Ora, a poesia de Ruy Belo,
culminação e síntese, nas décadas de 1960 e 1970, do processo modernista
português iniciado pela geração de Fernando Pessoa em 1915, convida a unificar
as teorias do génio e do sublime, sem as quais não será possível compreender a
potência criadora e a natureza singular da sua poética no quadro da
Modernidade. Porém, estas duas teorias não
estão livres de alguns obstáculos doutrinários. Se o sublime não oferece
dificuldades de maior à sua compreensão crítica, embora muitas vezes
seja confundido com as noções de grandiloquência, pompa e majestade, já o conceito de génio é fonte de incontáveis
mal-entendidos, aparecendo não raro associado às ideias de fama, glória,
excepcionalidade moral e mesmo patologia mental, quando não é reduzido a uma
mera ficção romântica[3].
Desde logo, Ruy Belo aglutina as
duas grandes concepções do génio legadas pela Antiguidade, como que replicando
a síntese de Marsilio Ficino no tratado De
Vita, de 1489, ao harmonizar a tradição platónica do furor divino e da
inspiração com a tradição aristotélica e fisiológica da melancolia.
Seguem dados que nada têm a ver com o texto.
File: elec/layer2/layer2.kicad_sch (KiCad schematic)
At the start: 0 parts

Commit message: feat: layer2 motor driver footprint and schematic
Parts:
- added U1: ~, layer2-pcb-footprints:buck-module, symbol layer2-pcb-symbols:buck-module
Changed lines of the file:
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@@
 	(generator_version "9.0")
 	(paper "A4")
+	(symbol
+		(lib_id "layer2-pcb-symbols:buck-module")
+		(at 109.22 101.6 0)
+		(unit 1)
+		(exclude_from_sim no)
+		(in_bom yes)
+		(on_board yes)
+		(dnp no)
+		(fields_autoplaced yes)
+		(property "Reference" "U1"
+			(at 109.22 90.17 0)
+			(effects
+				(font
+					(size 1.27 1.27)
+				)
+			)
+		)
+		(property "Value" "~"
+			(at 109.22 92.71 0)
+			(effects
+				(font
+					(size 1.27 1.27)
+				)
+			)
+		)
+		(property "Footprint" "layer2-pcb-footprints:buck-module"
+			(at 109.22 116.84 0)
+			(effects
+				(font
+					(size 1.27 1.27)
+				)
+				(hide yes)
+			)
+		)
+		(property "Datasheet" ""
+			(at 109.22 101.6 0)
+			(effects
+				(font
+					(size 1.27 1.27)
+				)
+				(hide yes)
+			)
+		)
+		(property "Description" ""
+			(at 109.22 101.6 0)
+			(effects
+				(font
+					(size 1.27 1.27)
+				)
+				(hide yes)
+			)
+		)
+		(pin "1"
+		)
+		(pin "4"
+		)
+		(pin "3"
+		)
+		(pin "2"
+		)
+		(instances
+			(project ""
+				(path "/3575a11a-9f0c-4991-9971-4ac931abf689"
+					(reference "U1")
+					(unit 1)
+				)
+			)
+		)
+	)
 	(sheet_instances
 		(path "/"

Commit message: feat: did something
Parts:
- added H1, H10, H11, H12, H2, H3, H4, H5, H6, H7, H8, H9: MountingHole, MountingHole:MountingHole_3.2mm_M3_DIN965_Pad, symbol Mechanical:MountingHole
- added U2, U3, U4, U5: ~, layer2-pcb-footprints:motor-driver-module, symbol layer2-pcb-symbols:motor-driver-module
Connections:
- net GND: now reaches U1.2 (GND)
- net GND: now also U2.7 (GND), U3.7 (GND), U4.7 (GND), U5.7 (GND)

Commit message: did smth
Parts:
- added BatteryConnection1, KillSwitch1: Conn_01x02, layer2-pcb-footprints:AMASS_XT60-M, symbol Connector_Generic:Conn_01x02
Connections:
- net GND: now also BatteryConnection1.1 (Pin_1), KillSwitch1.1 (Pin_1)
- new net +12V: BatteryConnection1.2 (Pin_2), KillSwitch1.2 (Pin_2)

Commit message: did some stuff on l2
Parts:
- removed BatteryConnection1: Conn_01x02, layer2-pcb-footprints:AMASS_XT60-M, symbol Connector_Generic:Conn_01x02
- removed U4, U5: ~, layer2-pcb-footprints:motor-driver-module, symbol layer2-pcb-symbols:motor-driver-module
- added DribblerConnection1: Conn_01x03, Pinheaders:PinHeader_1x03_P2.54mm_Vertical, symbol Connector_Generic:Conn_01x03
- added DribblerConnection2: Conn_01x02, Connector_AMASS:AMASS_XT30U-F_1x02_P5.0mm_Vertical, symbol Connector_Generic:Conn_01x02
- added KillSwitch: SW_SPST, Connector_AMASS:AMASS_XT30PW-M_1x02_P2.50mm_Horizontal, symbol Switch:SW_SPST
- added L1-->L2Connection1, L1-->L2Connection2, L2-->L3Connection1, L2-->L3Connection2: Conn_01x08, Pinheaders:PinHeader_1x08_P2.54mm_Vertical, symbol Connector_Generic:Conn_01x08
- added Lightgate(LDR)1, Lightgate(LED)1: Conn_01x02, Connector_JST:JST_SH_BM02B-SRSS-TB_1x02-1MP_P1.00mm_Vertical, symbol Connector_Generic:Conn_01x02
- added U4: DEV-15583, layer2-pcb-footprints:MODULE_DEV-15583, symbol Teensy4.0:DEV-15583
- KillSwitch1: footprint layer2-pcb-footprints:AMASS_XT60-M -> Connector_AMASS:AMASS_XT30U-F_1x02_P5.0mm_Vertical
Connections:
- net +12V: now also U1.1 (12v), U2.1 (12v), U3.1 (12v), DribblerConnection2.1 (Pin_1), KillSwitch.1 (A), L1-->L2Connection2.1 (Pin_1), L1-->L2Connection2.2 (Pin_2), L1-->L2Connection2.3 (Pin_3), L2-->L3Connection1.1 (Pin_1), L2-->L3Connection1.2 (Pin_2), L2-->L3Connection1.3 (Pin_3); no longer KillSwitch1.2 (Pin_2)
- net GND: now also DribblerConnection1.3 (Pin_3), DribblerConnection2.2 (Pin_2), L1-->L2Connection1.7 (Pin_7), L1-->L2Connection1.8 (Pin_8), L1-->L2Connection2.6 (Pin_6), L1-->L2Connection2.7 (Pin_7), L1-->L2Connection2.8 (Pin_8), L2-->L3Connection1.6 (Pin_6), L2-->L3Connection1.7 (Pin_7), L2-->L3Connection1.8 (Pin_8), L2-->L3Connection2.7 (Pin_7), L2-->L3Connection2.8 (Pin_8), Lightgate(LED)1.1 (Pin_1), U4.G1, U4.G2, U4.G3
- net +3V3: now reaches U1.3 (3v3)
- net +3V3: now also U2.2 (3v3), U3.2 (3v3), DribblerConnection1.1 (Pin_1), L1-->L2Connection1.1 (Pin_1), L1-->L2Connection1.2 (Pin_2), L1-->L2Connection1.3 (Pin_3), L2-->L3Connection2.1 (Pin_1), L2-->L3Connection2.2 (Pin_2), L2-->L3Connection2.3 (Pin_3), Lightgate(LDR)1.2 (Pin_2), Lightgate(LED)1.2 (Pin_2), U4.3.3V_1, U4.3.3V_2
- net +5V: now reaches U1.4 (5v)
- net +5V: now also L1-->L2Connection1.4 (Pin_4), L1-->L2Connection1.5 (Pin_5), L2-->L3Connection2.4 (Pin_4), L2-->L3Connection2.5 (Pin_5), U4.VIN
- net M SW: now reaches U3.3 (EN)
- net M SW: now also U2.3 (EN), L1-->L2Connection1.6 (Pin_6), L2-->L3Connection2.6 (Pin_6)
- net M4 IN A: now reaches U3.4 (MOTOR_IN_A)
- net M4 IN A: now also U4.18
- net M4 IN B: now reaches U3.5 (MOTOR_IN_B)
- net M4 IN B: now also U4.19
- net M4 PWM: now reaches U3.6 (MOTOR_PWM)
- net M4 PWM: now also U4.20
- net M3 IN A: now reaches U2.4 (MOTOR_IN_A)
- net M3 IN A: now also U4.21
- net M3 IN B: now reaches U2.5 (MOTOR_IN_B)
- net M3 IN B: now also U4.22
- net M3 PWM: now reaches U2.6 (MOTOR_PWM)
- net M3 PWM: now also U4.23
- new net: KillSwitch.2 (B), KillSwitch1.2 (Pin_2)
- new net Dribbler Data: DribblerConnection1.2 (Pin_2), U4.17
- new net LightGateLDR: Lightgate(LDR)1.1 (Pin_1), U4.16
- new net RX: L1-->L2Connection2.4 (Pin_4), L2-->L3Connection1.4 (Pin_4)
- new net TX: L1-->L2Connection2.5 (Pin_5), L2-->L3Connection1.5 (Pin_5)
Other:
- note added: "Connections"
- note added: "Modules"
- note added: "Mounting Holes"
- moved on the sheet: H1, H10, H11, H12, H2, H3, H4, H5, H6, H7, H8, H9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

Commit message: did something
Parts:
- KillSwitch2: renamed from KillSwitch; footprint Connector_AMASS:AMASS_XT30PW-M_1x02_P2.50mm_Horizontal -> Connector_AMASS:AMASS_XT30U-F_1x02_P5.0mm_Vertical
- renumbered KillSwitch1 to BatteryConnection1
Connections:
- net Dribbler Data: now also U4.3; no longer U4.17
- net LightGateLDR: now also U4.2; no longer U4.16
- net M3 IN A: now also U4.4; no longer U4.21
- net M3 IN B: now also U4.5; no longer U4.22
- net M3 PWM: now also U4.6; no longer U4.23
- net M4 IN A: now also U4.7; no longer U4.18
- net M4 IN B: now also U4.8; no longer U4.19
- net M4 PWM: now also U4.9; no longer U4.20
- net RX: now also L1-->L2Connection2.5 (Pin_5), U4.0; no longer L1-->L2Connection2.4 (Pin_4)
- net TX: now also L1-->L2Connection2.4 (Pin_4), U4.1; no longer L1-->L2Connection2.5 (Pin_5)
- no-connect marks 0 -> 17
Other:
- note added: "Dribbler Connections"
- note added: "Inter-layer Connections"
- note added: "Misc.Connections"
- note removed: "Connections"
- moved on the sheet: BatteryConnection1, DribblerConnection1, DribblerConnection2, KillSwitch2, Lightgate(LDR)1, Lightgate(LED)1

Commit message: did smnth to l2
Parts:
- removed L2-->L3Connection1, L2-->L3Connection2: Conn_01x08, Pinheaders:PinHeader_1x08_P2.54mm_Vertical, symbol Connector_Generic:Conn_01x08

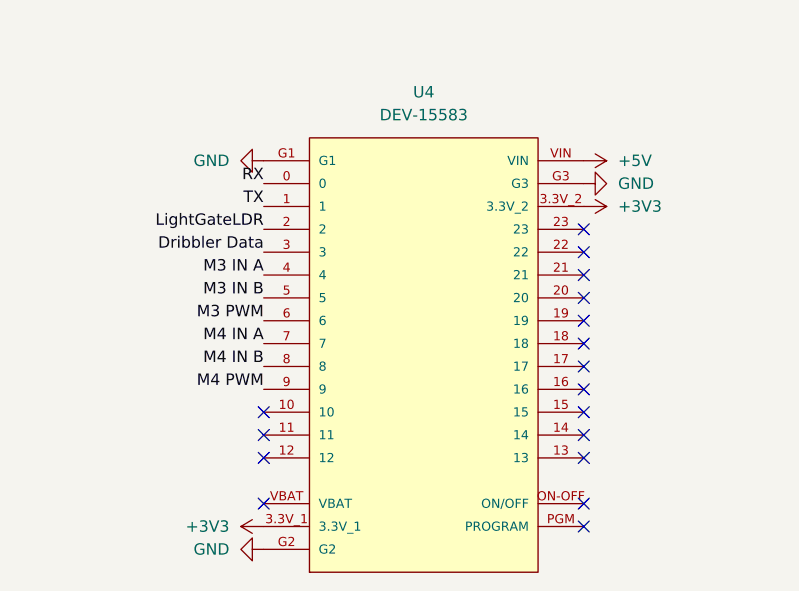
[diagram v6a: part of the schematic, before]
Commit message: FInished L2-l3 connection and branding
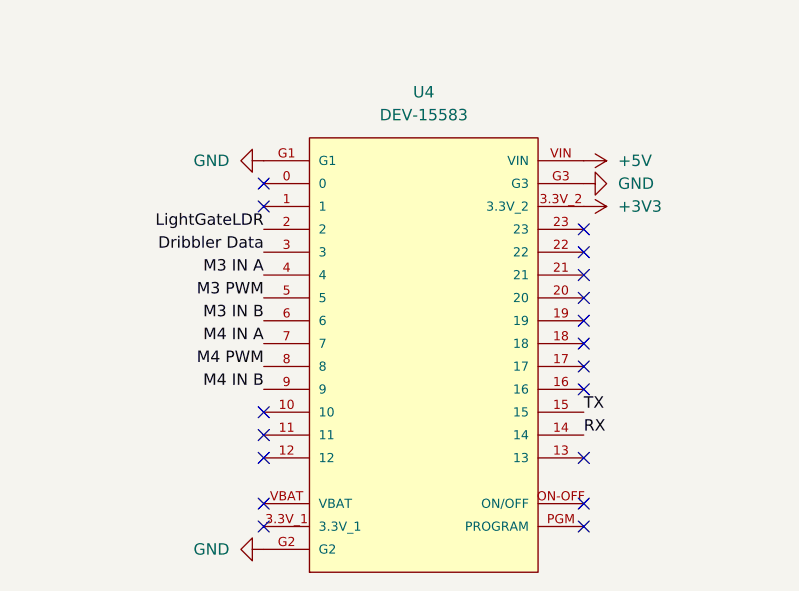
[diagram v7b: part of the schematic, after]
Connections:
- net +3V3: no longer U4.3.3V_1
- net M3 IN B: now also U4.6; no longer U4.5
- net M3 PWM: now also U4.5; no longer U4.6
- net M4 IN B: now also U4.9; no longer U4.8
- net M4 PWM: now also U4.8; no longer U4.9
- net RX: now also U4.14; no longer U4.0
- net TX: now also U4.15; no longer U4.1
- no-connect marks 17 -> 18
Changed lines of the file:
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@@
-	)
-	(no_connect
-		(at 74.93 161.29)
-	)
-	(no_connect
-		(at 74.93 158.75)
 	)
 	(no_connect
@@
 	)
 	(no_connect
+		(at 39.37 135.89)
+	)
+	(no_connect
 		(at 74.93 143.51)
 	)
@@
 	)
 	(no_connect
+		(at 39.37 171.45)
+	)
+	(no_connect
 		(at 74.93 171.45)
+	)
+	(no_connect
+		(at 39.37 133.35)
 	)
 	(no_connect
@@
 	)
 	(label "RX"
-		(at 39.37 133.35 180)
+		(at 74.93 161.29 0)
 		(effects
 			(font
 				(size 1.27 1.27)
 			)
-			(justify right bottom)
+			(justify left bottom)
 		)
 	)
@@
 	)
 	(label "M4 IN B"
-		(at 39.37 153.67 180)
+		(at 39.37 156.21 180)
 		(effects
 			(font
@@
 	)
 	(label "M4 PWM"
-		(at 39.37 156.21 180)
+		(at 39.37 153.67 180)
 		(effects
 			(font
@@
 	)
 	(label "M3 PWM"
-		(at 39.37 148.59 180)
+		(at 39.37 146.05 180)
 		(effects
 			(font
@@
 	)
 	(label "M3 IN B"
-		(at 39.37 146.05 180)
+		(at 39.37 148.59 180)
 		(effects
 			(font
@@
 	)
 	(label "TX"
-		(at 39.37 135.89 180)
+		(at 74.93 158.75 0)
 		(effects
 			(font
 				(size 1.27 1.27)
 			)
-			(justify right bottom)
+			(justify left bottom)
 		)
 	)
@@
 					(unit 1)
 				)
-			)
-		)
-	)
-	(symbol
-		(lib_id "power:+3V3")
-		(at 39.37 171.45 90)
-		(unit 1)
-		(exclude_from_sim no)
-		(in_bom yes)
-		(on_board yes)
-		(dnp no)
-		(fields_autoplaced yes)
-		(property "Reference" "#PWR029"
-			(at 43.18 171.45 0)
-			(effects
-				(font
-					(size 1.27 1.27)
-				)
-				(hide yes)
-			)
-		)
-		(property "Value" "+3V3"
-			(at 35.56 171.4499 90)
-			(effects
-				(font
-					(size 1.27 1.27)
-				)
-				(justify left)
-			)
-		)
-		(property "Footprint" ""
-			(at 39.37 171.45 0)
-			(effects
-				(font
-					(size 1.27 1.27)
-				)
-				(hide yes)
-			)
-		)
-		(property "Datasheet" ""
-			(at 39.37 171.45 0)
-			(effects
-				(font
-					(size 1.27 1.27)
-				)
-				(hide yes)
-			)
-		)
-		(property "Description" "Power symbol creates a global label with name \"+3V3\""
-			(at 39.37 171.45 0)
-			(effects
-				(font
-					(size 1.27 1.27)
-				)
-				(hide yes)
-			)
-		)
-		(pin "1"
-		)
-		(instances
-			(project ""
-				(path "/3575a11a-9f0c-4991-9971-4ac931abf689"
-					(reference "#PWR029")
-					(unit 1)
-				)

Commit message: stuff
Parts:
- added J1, J2, L2-->L3Connection1: Conn_01x08, Pinheaders:PinHeader_1x08_P2.54mm_Vertical, symbol Connector_Generic:Conn_01x08
- added J3, J4: Conn_01x08, Connector_PinSocket_2.54mm:PinSocket_1x08_P2.54mm_Vertical, symbol Connector_Generic:Conn_01x08
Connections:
- net +12V: now also J1.1 (Pin_1), J1.2 (Pin_2), J1.3 (Pin_3), J3.1 (Pin_1), J3.2 (Pin_2), J3.3 (Pin_3)
- net +3V3: now also L2-->L3Connection1.8 (Pin_8)
- net +5V: now also L2-->L3Connection1.1 (Pin_1), L2-->L3Connection1.2 (Pin_2)
- net GND: now also J1.6 (Pin_6), J1.7 (Pin_7), J1.8 (Pin_8), J3.6 (Pin_6), J3.7 (Pin_7), J3.8 (Pin_8), J4.6 (Pin_6), J4.7 (Pin_7), J4.8 (Pin_8), L2-->L3Connection1.6 (Pin_6), L2-->L3Connection1.7 (Pin_7)
- net M SW: now also L2-->L3Connection1.3 (Pin_3)
- net RX: now also L2-->L3Connection1.5 (Pin_5)
- net TX: now also L2-->L3Connection1.4 (Pin_4)
- new net +24V: J2.3 (Pin_3), J2.4 (Pin_4), J2.5 (Pin_5), J2.6 (Pin_6), J4.1 (Pin_1), J4.2 (Pin_2), J4.3 (Pin_3), J4.4 (Pin_4)
- new net Sol: J3.4 (Pin_4), J3.5 (Pin_5)
- no-connect marks 18 -> 25
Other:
- moved on the sheet: DribblerConnection1, DribblerConnection2

A força
sobrenatural do entusiasmo, que
etimologicamente significa “trazer um deus dentro de si”, estabelece sinergias
inauditas com a disposição natural do humor melancólico ligeiramente inflamado[4]. Esta síntese teria no
entanto um desenvolvimento polémico até à génese do Romantismo, de que foi uma
das armas contra a preceptística horaciana dos clássicos, na medida em que,
como bem cedo anunciaria Joseph Addison, num breve ensaio sobre o tema do génio
em 1711, no n.º 160 do jornal The
Spectator, existem dois tipos de personalidades geniais: os de segunda
classe, que imitam modelos e autores, formados pelas regras e submetendo o
talento natural aos ditames da arte polida, conveniente e correcta; e os de
primeira classe, que imitam a natureza e são movidos por um “fogo natural” para “vastas concepções das coisas e nobres excursões da imaginação”[5].
Com
efeito, na sua evolução tumultuosa e contraditória, o Romantismo nem sempre
conseguiu produzir génios de primeira classe. Nos vários países europeus, o
novo movimento, ao longo do século XIX, esvaiu-se num sentimentalismo
convencional que vulgarizou o culto do génio enquanto
categoria estética e poética, dissolvida no simples biografismo antropológico.
O culto do génio transformou-se no culto do autor, praticado não só pela
crítica mas também pela nascente história literária. O impacto da Psicologia
experimental, da ideologia científica da degenerescência hereditária e do surto
dos intelectuais como portadores do conhecimento positivo descredibilizou o
conceito artístico de génio, a ponto de os múltiplos modernismos da “Belle
Époque”, frutos românticos por excelência, terem aberto uma profunda crise da
retórica da sinceridade e criado um novo tipo de culto: o da impessoalidade da
emoção estética, com T. S. Eliot, ou o do fingimento anticonfessional, com
Fernando Pessoa, para me cingir a dois dos exemplos mais representativos.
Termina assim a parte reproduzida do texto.